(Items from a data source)
----

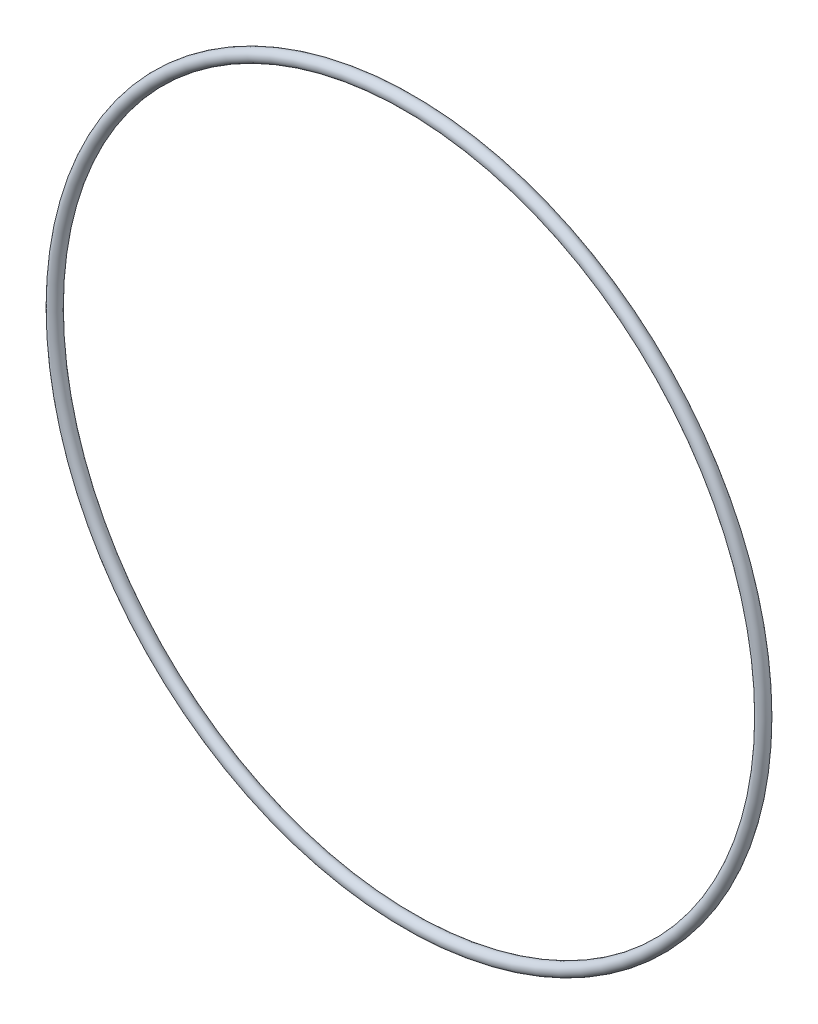
ISO-10303-21;
HEADER;
FILE_DESCRIPTION(('STEP AP214'),'2;1');
FILE_NAME('part.step','',(''),(''),'','','');
FILE_SCHEMA(('AUTOMOTIVE_DESIGN { 1 0 10303 214 1 1 1 1 }'));
ENDSEC;
DATA;
#1=APPLICATION_CONTEXT('core data for automotive mechanical design processes');
#2=APPLICATION_PROTOCOL_DEFINITION('international standard','automotive_design',2000,#1);
#3=PRODUCT_CONTEXT('',#1,'mechanical');
#4=PRODUCT('Part','Part','',(#3));
#5=PRODUCT_RELATED_PRODUCT_CATEGORY('part','',(#4));
#6=PRODUCT_DEFINITION_FORMATION('','',#4);
#7=PRODUCT_DEFINITION_CONTEXT('part definition',#1,'design');
#8=PRODUCT_DEFINITION('design','',#6,#7);
#9=PRODUCT_DEFINITION_SHAPE('','',#8);
#10=(LENGTH_UNIT() NAMED_UNIT(*) SI_UNIT(.MILLI.,.METRE.));
#11=(NAMED_UNIT(*) PLANE_ANGLE_UNIT() SI_UNIT($,.RADIAN.));
#12=(NAMED_UNIT(*) SI_UNIT($,.STERADIAN.) SOLID_ANGLE_UNIT());
#13=UNCERTAINTY_MEASURE_WITH_UNIT(LENGTH_MEASURE(1.E-05),#10,'distance_accuracy_value','');
#14=(GEOMETRIC_REPRESENTATION_CONTEXT(3) GLOBAL_UNCERTAINTY_ASSIGNED_CONTEXT((#13)) GLOBAL_UNIT_ASSIGNED_CONTEXT((#10,
#11,#12)) REPRESENTATION_CONTEXT('',''));
#15=CARTESIAN_POINT('',(0.,0.,0.));
#16=DIRECTION('',(0.,0.,1.));
#17=DIRECTION('',(1.,0.,0.));
#18=AXIS2_PLACEMENT_3D('',#15,#16,#17);
#19=CARTESIAN_POINT('',(0.,0.,0.));
#20=DIRECTION('',(0.,0.,1.));
#21=DIRECTION('',(1.,0.,0.));
#22=AXIS2_PLACEMENT_3D('',#19,#20,#21);
#23=TOROIDAL_SURFACE('',#22,51.5493,0.889000000000003);
#24=CARTESIAN_POINT('',(52.4383,0.,0.));
#25=VERTEX_POINT('',#24);
#26=VERTEX_LOOP('',#25);
#27=FACE_BOUND('',#26,.T.);
#28=ADVANCED_FACE('F37',(#27),#23,.T.);
#29=CLOSED_SHELL('',(#28));
#30=MANIFOLD_SOLID_BREP('B2',#29);
#31=ADVANCED_BREP_SHAPE_REPRESENTATION('',(#18,#30),#14);
#32=SHAPE_DEFINITION_REPRESENTATION(#9,#31);
ENDSEC;
END-ISO-10303-21;

----

Problem description: Please write out, exactly as they appear above, only the lines in the stretch from the line with "FILE_NAME('part.step','',(''),(''),'','','');" through the line with "#11=(NAMED_UNIT(*) PLANE_ANGLE_UNIT() SI_UNIT($,.RADIAN.));".

Task answer:
FILE_NAME('part.step','',(''),(''),'','','');
FILE_SCHEMA(('AUTOMOTIVE_DESIGN { 1 0 10303 214 1 1 1 1 }'));
ENDSEC;
DATA;
#1=APPLICATION_CONTEXT('core data for automotive mechanical design processes');
#2=APPLICATION_PROTOCOL_DEFINITION('international standard','automotive_design',2000,#1);
#3=PRODUCT_CONTEXT('',#1,'mechanical');
#4=PRODUCT('Part','Part','',(#3));
#5=PRODUCT_RELATED_PRODUCT_CATEGORY('part','',(#4));
#6=PRODUCT_DEFINITION_FORMATION('','',#4);
#7=PRODUCT_DEFINITION_CONTEXT('part definition',#1,'design');
#8=PRODUCT_DEFINITION('design','',#6,#7);
#9=PRODUCT_DEFINITION_SHAPE('','',#8);
#10=(LENGTH_UNIT() NAMED_UNIT(*) SI_UNIT(.MILLI.,.METRE.));
#11=(NAMED_UNIT(*) PLANE_ANGLE_UNIT() SI_UNIT($,.RADIAN.));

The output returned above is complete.